Neelie Kroes: ‘Europe too important to leave to the politicians’

The recent budget negotiations were nothing but a shadow-boxing match, with vote-hungry, opportunistic politicians out for their own interests, writes Neelie Kroes

 

British prime minister Margaret Thatcher famously once said: ‘I want my money back’. If everyone was to demand his money back there wouldn’t be much of a European Union left but it’s always worth a try.

Important 

When I heard that a debate about handing back powers from Brussels had started in the Netherlands I couldn’t wait to hear more. ‘Handing back’ powers means breaking open a EU treaty signed by 27 countries. The debate must be about something very important, I thought.

I came across Thatcher-inspired slogans like ‘Europe doesn’t belong in this world’ and ‘We make a better job of trading right here in the Netherlands’ and ‘That CO2 is ours again’.  It wasn’t about anything that really mattered in Europe.

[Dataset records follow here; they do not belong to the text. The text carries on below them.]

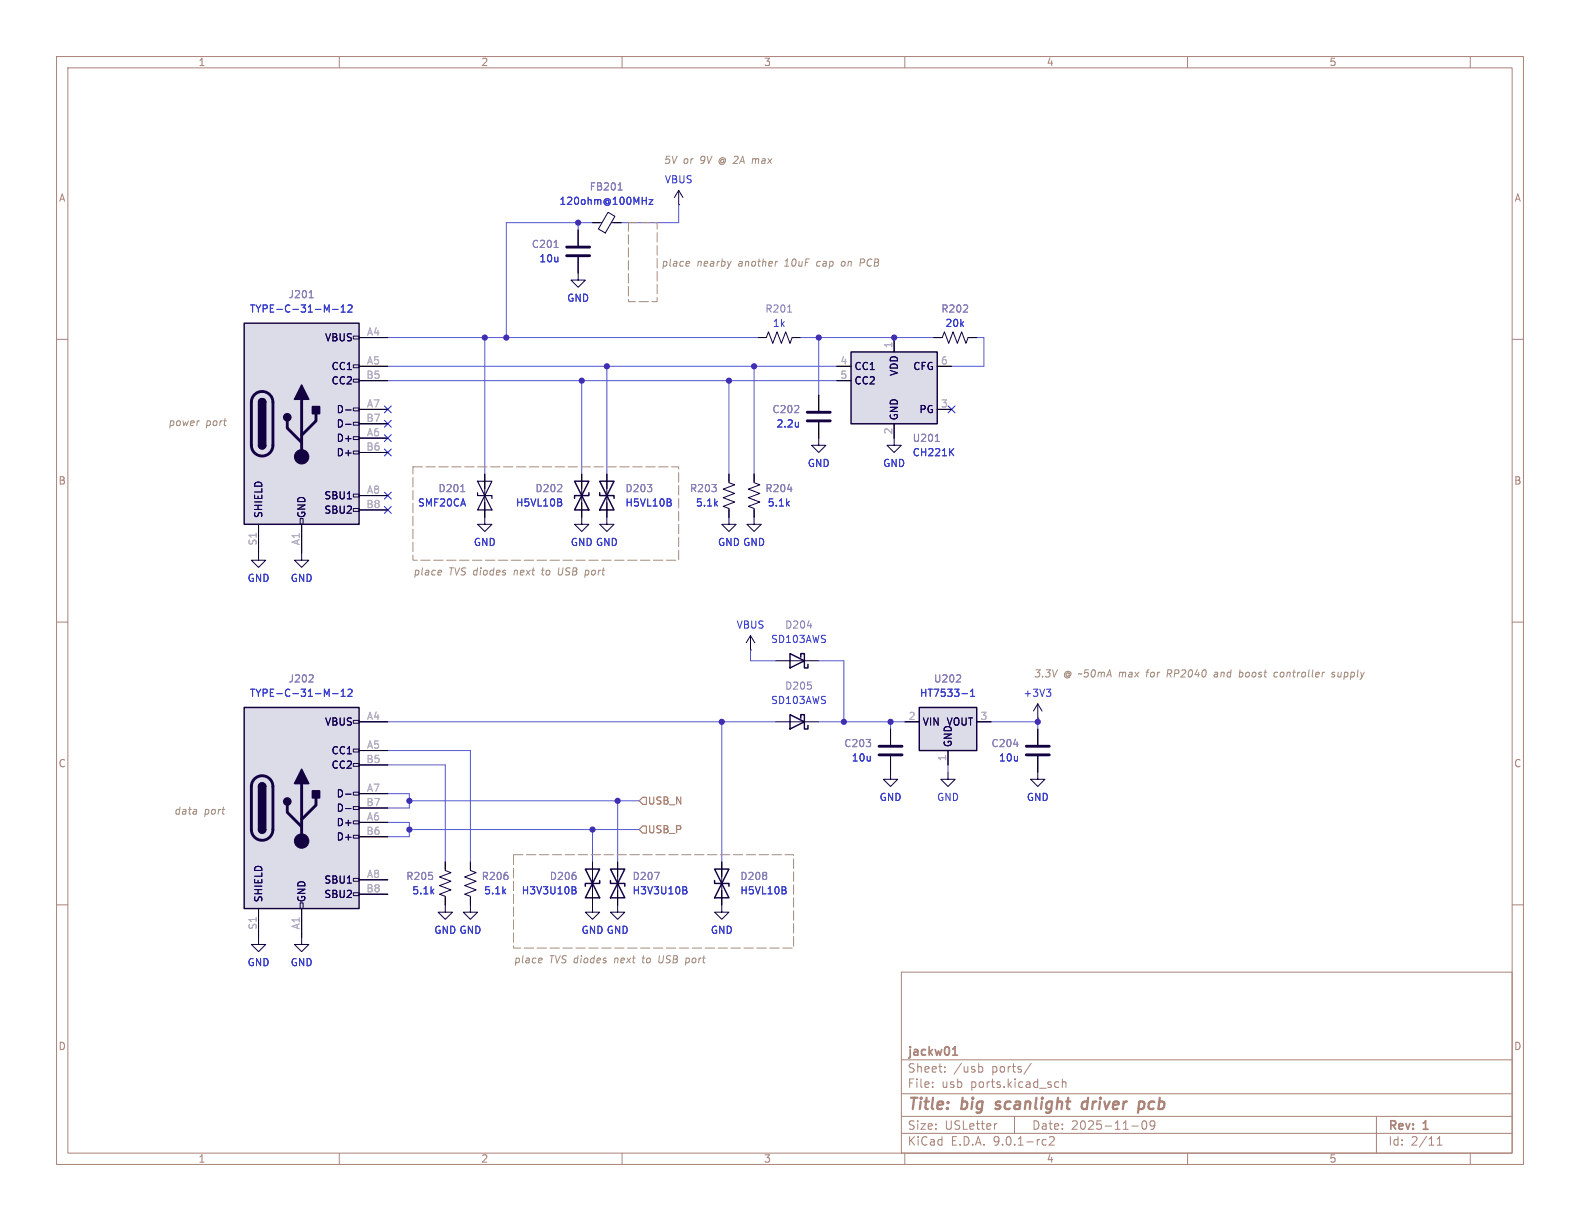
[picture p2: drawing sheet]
<svg xmlns="http://www.w3.org/2000/svg" width="279mm" height="216mm" viewBox="0 0 279 216" stroke-linecap="round" stroke-linejoin="round" font-family="sans-serif">
<g fill="none" stroke="#aa837a" stroke-width=".18">
<path d="M10 10h259.4v195.9h-259.4zM12 12h255.4v191.9h-255.4zM60 10v2M110 10v2M160 10v2M210 10v2M260 10v2M10 60h2M267.4 60h2M10 110h2M267.4 110h2M10 160h2"/>
<path d="M159.4 171.9h108v32h-108zM267.4 160h2M159.4 197.4h108M159.4 193.4h108M159.4 187.4h108M164.9 192.1v.2M164.9 191.4v.1M167.1 189.4v.2M167.1 188.7v.1M173.2 188.6h.3l.3 .3-.1 .5-.5 .2M176.3 198.7l-.3 .1M179.4 197.4v3"/>
<path d="M182.4 188l-1.3 1.9M186.8 191.3l.4 .1M187.2 192.2l-.4 .1M187.9 191.4l.2-.1 .3 .1 .1 .9M187.9 190.8v1.5M200.1 199.1h1.2M202.1 198.3l.2-.1a.81 .81 0 0 1 .6 .6 .81 .81 0 0 1-.3 .8l-.2 .1a.81 .81 0 0 1-.3-1.4zM203.4 198.3v.5l.1 .2 .4 .1 .3-.3M204.1 198.3a.99 .99 0 0 1-.3 1.4h-.3M243.4 197.4v6.5M60 203.9v2M110 203.9v2"/>
<path d="M159.4 200.4h108M160 203.9v2M184.6 201.5l.4 .1M185 202.4l-.4 .1M185.6 201.1l.5-.1 .3 .1v.3l-.9 1.1h.9M210 203.9v2M254.1 202.5h.9M254.1 201.4l.5-.4v1.5M260 203.9v2"/>
</g>
<path d="M176 196l.2 .1M176.2 194.9l-.1 .3 .1 .1M192.3 194.9a.66 .66 0 0 0-1 .3v.5l.1 .3 .2 .1 .6-.1M192.4 194.1l-.2 2M201.7 194.8l.5 .1 .2 .3-.1 .5-.4 .4" fill="none" stroke="#aa837a" stroke-width=".4"/>
<path d="M168.5 186.6h.8M168.7 185.3l.2-.2v1.5" fill="none" stroke="#aa837a" stroke-width=".3"/>
<g fill="none" stroke="#130040" stroke-width=".18">
<path d="M120 33.7l-.7 1.2M120 33.7l.8 1.2M120 33.7v2.5M139.7 116.8h2.5M139.7 127.6h2.5M167.6 136.5v1.3h1.3l-1.3 1.3-1.2-1.3h1.2M183.5 136.5v1.3h1.3l-1.3 1.3-1.3-1.3h1.3M183.5 124.5l-.7 1.2M183.5 124.5l.8 1.2M183.5 124.5v2.5M78.7 153.7v.2l1.1 .4-2.1 .8 2.1 .7-2.1 .8 2.1 .8-2.1 .7 1 .4v.3M83.2 153.7v.2l1 .4-2 .8 2 .7-2 .8 2 .8-2 .7 1 .4v.3"/>
<path d="M78.7 160v1.3h1.3l-1.3 1.3-1.2-1.3h1.2M83.2 160v1.3h1.3l-1.3 1.3-1.3-1.3h1.3"/>
</g>
<path d="M120 36.2h.1M137.2 116.8h2.5M142.2 116.8h2.6M137.2 127.6h2.5M142.2 127.6h2.6M157.5 128.9v2.8M157.5 133.7v2.8M183.5 127h.1M78.7 152.4v1.3M78.7 158.8v1.2M83.2 152.4v1.3M83.2 158.8v1.2" fill="none" stroke="#010022" stroke-width=".18"/>
<path d="M185 121.9h.8l-.4 .4M185.6 122.3l.2 .3v.3l-.2 .2" fill="none" stroke="#353dd0" stroke-width=".18"/>
<path d="M139.7 115.6l2.5 1.2-2.5 1.3zM141.6 116.2v-.6h.6v2.5h.7v-.6M139.7 126.4l2.5 1.2-2.5 1.3zM141.6 127v-.6h.6v2.5h.7v-.6" fill="none" stroke="#130040" stroke-width=".25"/>
<path d="M142.8 110.6h.8" fill="none" stroke="#8d7cb6" stroke-width=".18"/>
<path d="M155.4 132h4.1M155.4 133.5h4.1" fill="none" stroke="#130040" stroke-width=".51"/>
<path d="M43.2 125.1h20.3v35.6h-20.3z" fill="#dcdbe8"/>
<g fill="none" stroke="#130040" stroke-width=".18">
<path d="M144.8 77.5v1.2h1.2l-1.2 1.3-1.3-1.3h1.3M53.3 97.8v1.3h1.3l-1.3 1.2-1.2-1.2h1.2M128.9 91.4v1.3h1.3l-1.3 1.3-1.3-1.3h1.3M133.3 85.1v.2l1.1 .4-2.1 .8 2.1 .7-2.1 .8 2.1 .8-2.1 .7 1 .4v.3M133.3 91.4v1.3h1.3l-1.3 1.3-1.2-1.3h1.2M62.5 127.4h1v.5h-1zM62.5 132.5h1v.5h-1zM62.5 135h1v.5h-1zM53.1 159.6h.5v1.1h-.5zM62.5 140.1h1v.5h-1zM62.5 142.6h1v.5h-1zM62.5 145.2h1v.5h-1z"/>
<path d="M62.5 147.7h1v.5h-1zM62.5 155.3h1v.5h-1zM62.5 157.9h1v.5h-1zM104.8 154.9v2.6M109.2 154.9v2.6M127.6 154.9v2.6M45.7 165.7v1.3h1.3l-1.3 1.3-1.3-1.3h1.3M53.3 165.7v1.3h1.3l-1.3 1.3-1.2-1.3h1.2M104.8 160v1.3h-1.3l1.3 1.3 1.2-1.3h-1.2M109.2 160v1.3h-1.3l1.3 1.3 1.3-1.3h-1.3M127.6 160v1.3h-1.2l1.2 1.3 1.3-1.3h-1.3"/>
</g>
<path d="M43.2 125.1h20.3v35.6h-20.3zM45.7 139.1a.64 .64 0 0 1 .7-.7 .64 .64 0 0 1 .6 .7M45.7 146.7a.64 .64 0 0 0 .7 .6 .64 .64 0 0 0 .6-.6M103.5 153.7l2.5 5.1h-2.5l2.5-5.1zM106 155.7v.5h-2.5v.5M107.9 153.7h2.6l-2.6 5.1h2.6zM107.9 155.7v.5h2.6v.5M126.4 153.7h2.5l-2.5 5.1h2.5zM126.4 155.7v.5h2.5v.5" fill="none" stroke="#130040" stroke-width=".25"/>
<path d="M142.7 72.9h4.1M142.7 74.4h4.1M45 137.7a1.9 1.9 0 0 1 2.1-.4 1.9 1.9 0 0 1 1.2 1.8v7.6a1.91 1.91 0 0 1-1.9 1.9 1.91 1.91 0 0 1-2-1.9l.1-7.8 .1-.6zM53.3 138.6v10.1M50.8 142.4v1.2l2.5 2.6M55.9 141.1v1.3l-2.6 2.5" fill="none" stroke="#130040" stroke-width=".51"/>
<g fill="#130040" stroke="#130040" stroke-width=".25">
<path d="M45.7 139.1h1.3v7.6h-1.3z"/>
<path d="M45.9 138.6a.64 .64 0 0 1 .7-.1 .64 .64 0 0 1 .4 .6h-1.3z"/>
<path d="M45.7 146.7h1.3a.64 .64 0 0 1-.6 .6 .64 .64 0 0 1-.7-.6z"/>
<path d="M53.3 136l1.3 2.6h-2.5z"/>
<path d="M55.2 139.8h1.3v1.3h-1.3z"/>
<circle cx="50.8" cy="141.7" r=".63"/>
</g>
<circle cx="53.3" cy="148.7" r="1.27" fill="#130040" stroke="#130040" stroke-width=".18"/>
<g fill="none" stroke="#010022" stroke-width=".18">
<path d="M144.8 69.9v2.7M144.8 74.7v2.8M133.3 83.8v1.3M133.3 90.2v1.2M63.5 127.6h5.1M63.5 132.7h5.1M63.5 135.3h5.1M63.5 140.3h5.1M63.5 142.9h5.1M63.5 145.4h5.1M63.5 148h5.1M63.5 155.6h5.1"/>
<path d="M63.5 158.1h5.1M104.8 152.4v2.5M104.8 157.5v2.5M109.2 152.4v2.5M109.2 157.5v2.5M127.6 152.4v2.5M127.6 157.5v2.5M45.7 160.7v5M53.3 160.7v5"/>
</g>
<path d="M61.1 140.4h1M61.1 143h1" fill="none" stroke="#15005e" stroke-width=".18"/>
<path d="M139.3 86.5h.8M55.3 119.4l.1 .2-.1 .3-.7 .7h.8M115.7 154.2h.9l-.6 1.3" fill="none" stroke="#8d7cb6" stroke-width=".18"/>
<g fill="none" stroke="#353dd0" stroke-width=".18">
<path d="M141.2 74.7v.8M141.2 75.4h-.1M58.8 122.7h1M60.3 123.1h.8M60.3 122.2l.4-.3v1.2M61.5 122l.5-.1 .3 .3-.8 .9h.8M101.2 156.8l.6 .1v.3l-.2 .2M101.2 157.4h.4M101.6 157.4l.3 .2-.1 .3-.6 .2M120.8 156.8l.6 .1v.3l-.2 .2M120.8 157.4h.4M121.2 157.4l.3 .2-.1 .3-.6 .2"/>
<path d="M138.9 157.5l.1 .1-.1 .4M138.9 156.9v.4"/>
</g>
<path d="M162.6 125.1h10.1v7.6h-10.1z" fill="#dcdbe8"/>
<path d="M162.6 125.1h10.1v7.6h-10.1z" fill="none" stroke="#130040" stroke-width=".25"/>
<path d="M132.7 114.9h.1M160 127.6h2.6M167.6 132.7v2.6M172.7 127.6h2.6M183.5 128.9v2.8M183.5 133.7v2.8" fill="none" stroke="#010022" stroke-width=".18"/>
<path d="M169.8 119.4v.5M169.1 120.6h.8M179.3 131.6h.7" fill="none" stroke="#8d7cb6" stroke-width=".18"/>
<path d="M170.1 122.7h1M171.6 123.1h.8M171.6 122.2l.4-.3v1.2" fill="none" stroke="#353dd0" stroke-width=".18"/>
<path d="M45.7 97.8v1.3h1.3l-1.3 1.2-1.3-1.2h1.3M132.7 112.4l-.7 1.3M132.7 112.4l.8 1.3M132.7 112.4v2.5M157.5 136.5v1.3h1.2l-1.2 1.3-1.3-1.3h1.3" fill="none" stroke="#130040" stroke-width=".18"/>
<path d="M181.5 132h4M181.5 133.5h4" fill="none" stroke="#130040" stroke-width=".51"/>
<path d="M43.2 57.2h20.3v35.5h-20.3z" fill="#dcdbe8"/>
<g fill="none" stroke="#130040" stroke-width=".18">
<path d="M62.5 59.4h1v.5h-1zM102.2 48.3v1.2h1.3l-1.3 1.3-1.2-1.3h1.2M135.3 59.7h.2l.4-1 .8 2 .7-2 .8 2 .7-2 .8 2 .4-1h.2M166.4 59.7h.2l.4-1 .8 2 .7-2 .8 2 .8-2 .7 2 .4-1h.2M62.5 64.5h1v.5h-1zM62.5 67.1h1v.5h-1zM62.5 72.1h1v.5h-1zM62.5 74.7h1v.5h-1zM62.5 77.2h1v.5h-1zM62.5 79.8h1v.5h-1zM158.1 77.5v1.2h1.3l-1.3 1.3-1.3-1.3h1.3M53.1 91.7h.5v1h-.5z"/>
<path d="M62.5 87.4h1v.5h-1zM62.5 89.9h1v.5h-1zM85.7 91.4v1.3h1.3l-1.3 1.3-1.2-1.3h1.2M85.7 86.4v2.5M102.9 91.4v1.3h-1.3l1.3 1.3 1.2-1.3h-1.2M102.9 86.4v2.5M107.3 91.4v1.3h1.3l-1.3 1.3-1.3-1.3h1.3M107.3 86.4v2.5M128.9 85.1v.2l1 .4-2 .8 2 .7-2 .8 2 .8-2 .7 1 .4v.3"/>
</g>
<path d="M43.2 57.2h20.3v35.5h-20.3zM45.7 71.1a.64 .64 0 0 1 .7-.6 .64 .64 0 0 1 .6 .6M45.7 78.7a.64 .64 0 0 0 .7 .7 .64 .64 0 0 0 .6-.7M101.6 85.1l2.5 5.1h-2.5l2.5-5.1zM104.1 87.1v.5h-2.5v.5M106 85.1h2.6l-2.6 5.1h2.6zM106 87.1v.5h2.6v.5" fill="none" stroke="#130040" stroke-width=".25"/>
<path d="M100.2 43.7h4.1M100.2 45.2h4.1M45 69.8a1.9 1.9 0 0 1 2.1-.4 1.9 1.9 0 0 1 1.2 1.7v7.6a1.91 1.91 0 0 1-1.9 1.9 1.91 1.91 0 0 1-2-1.9l.1-7.7 .1-.7zM50.8 74.4v1.3l2.5 2.5M53.3 70.6v10.2M55.9 73.2v1.2l-2.6 2.6" fill="none" stroke="#130040" stroke-width=".51"/>
<g fill="#130040" stroke="#130040" stroke-width=".25">
<path d="M45.7 71.1h1.3v7.6h-1.3z"/>
<path d="M45.9 70.7a.64 .64 0 0 1 .7-.2 .64 .64 0 0 1 .4 .6h-1.3z"/>
<path d="M45.7 78.7h1.3a.64 .64 0 0 1-.6 .7 .64 .64 0 0 1-.7-.7z"/>
<path d="M53.3 68.1l1.3 2.5h-2.5z"/>
<path d="M55.2 71.9h1.3v1.3h-1.3z"/>
<circle cx="50.8" cy="73.8" r=".63"/>
</g>
<circle cx="53.3" cy="80.8" r="1.27" fill="#130040" stroke="#130040" stroke-width=".18"/>
<g fill="none" stroke="#010022" stroke-width=".18">
<path d="M63.5 59.7h5.1M102.2 40.6v2.8M102.2 45.5v2.8M134 59.7h1.3M140.3 59.7h1.3M165.1 59.7h1.3M171.4 59.7h1.3M63.5 64.8h5.1M63.5 67.3h5.1M63.5 72.4h5.1M63.5 74.9h5.1M63.5 77.5h5.1"/>
<path d="M45.7 92.7v5.1M53.3 92.7v5.1M63.5 80h5.1M63.5 87.6h5.1M63.5 90.2h5.1M85.7 83.8v2.6M85.7 88.9v2.5M102.9 83.8v2.6M102.9 88.9v2.5M107.3 83.8v2.6M107.3 88.9v2.5M128.9 83.8v1.3"/>
<path d="M128.9 90.2v1.2"/>
</g>
<path d="M61.1 72.5h1M61.1 75h1" fill="none" stroke="#15005e" stroke-width=".18"/>
<path d="M54.7 52.6h.7M98 43.8h.7M139.3 55.2h.7M81.5 86.9h.7" fill="none" stroke="#8d7cb6" stroke-width=".18"/>
<path d="M58.8 54.7h1M60.3 55.2h.8M60.3 54.3l.4-.4v1.3M61.5 54l.5-.1 .3 .4-.8 .9h.8M99.2 88.9l.1 .2-.1 .3M99.2 88.3v.4M118.6 88.9l.1 .2-.1 .3M118.6 88.3v.4" fill="none" stroke="#353dd0" stroke-width=".18"/>
<path d="M84.5 87.1v.5h2.5v.5M84.5 85.1h2.5l-1.3 2.5zM85.7 87.6l1.3 2.6h-2.5z" fill="none" stroke="#130040" stroke-width=".2"/>
<path d="M150.5 62.2h15.2v12.7h-15.2z" fill="#dcdbe8"/>
<path d="M150.5 62.2h15.2v12.7h-15.2z" fill="none" stroke="#130040" stroke-width=".25"/>
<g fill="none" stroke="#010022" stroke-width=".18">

What a disappointment! Nothing but a list of proposals that could have been blocked if the politicians had wanted to. Some don’t even fall under any European directive at all. There are a number of proposals which I’m not particularly in favour of myself but that happens in the best of democracies. You don’t need a treaty amendment for that.

Childish

All this just shows how childish the debate on Europe has become. The eurocrisis has forced a great deal of economic and financial sovereignty to be handed over to Brussels and just how far we want to go with this is a legitimate point of discussion. Should Europe have an army to support its foreign and security policies? How do we guarantee energy supplies and how can we bring CO2 emissions under control? Where is our economic growth going to come from? These are just a few things that really matter.

The debate about the EU budget is marred by the same lack of depth. It’s not a negotiation based on vision but a shadow-boxing match meant to convey that ‘Brussels’ has been taken down a peg or two and that politicians have managed to wrest something from the jaws of the Brussels beast for their voters.

It doesn’t matter that the EU has been given more supervisory powers when it comes to financial services, public budgets, foreign policy and crime prevention. Now the EU has been given more tasks and less money, the debate about what Europe should not do is becoming the priority.

Opportunism 

The debate about the EU budget should not centre on how big it should be but on how it is spent. It should express ambition, not a dismal compromise between national political opportunism and subsidy dependence.

If leaders don’t lead and fail to come up with vision and strategic choices but do whatever they think will please the voters at home, then Europe is even worse off than the sceptics hoped.

Seven years

For seven years we will suffer for the opportunistic choices made by the politicians of today. The budget negotiations offered an opportunity to turn the corner towards a stable future for Europe based on growth but vested interests and short-sighted political opportunism have made this impossible.

French statesman Georges Clemenceau said war was too important to leave to the generals. I’m beginning to think Europe is too important to leave to the politicians.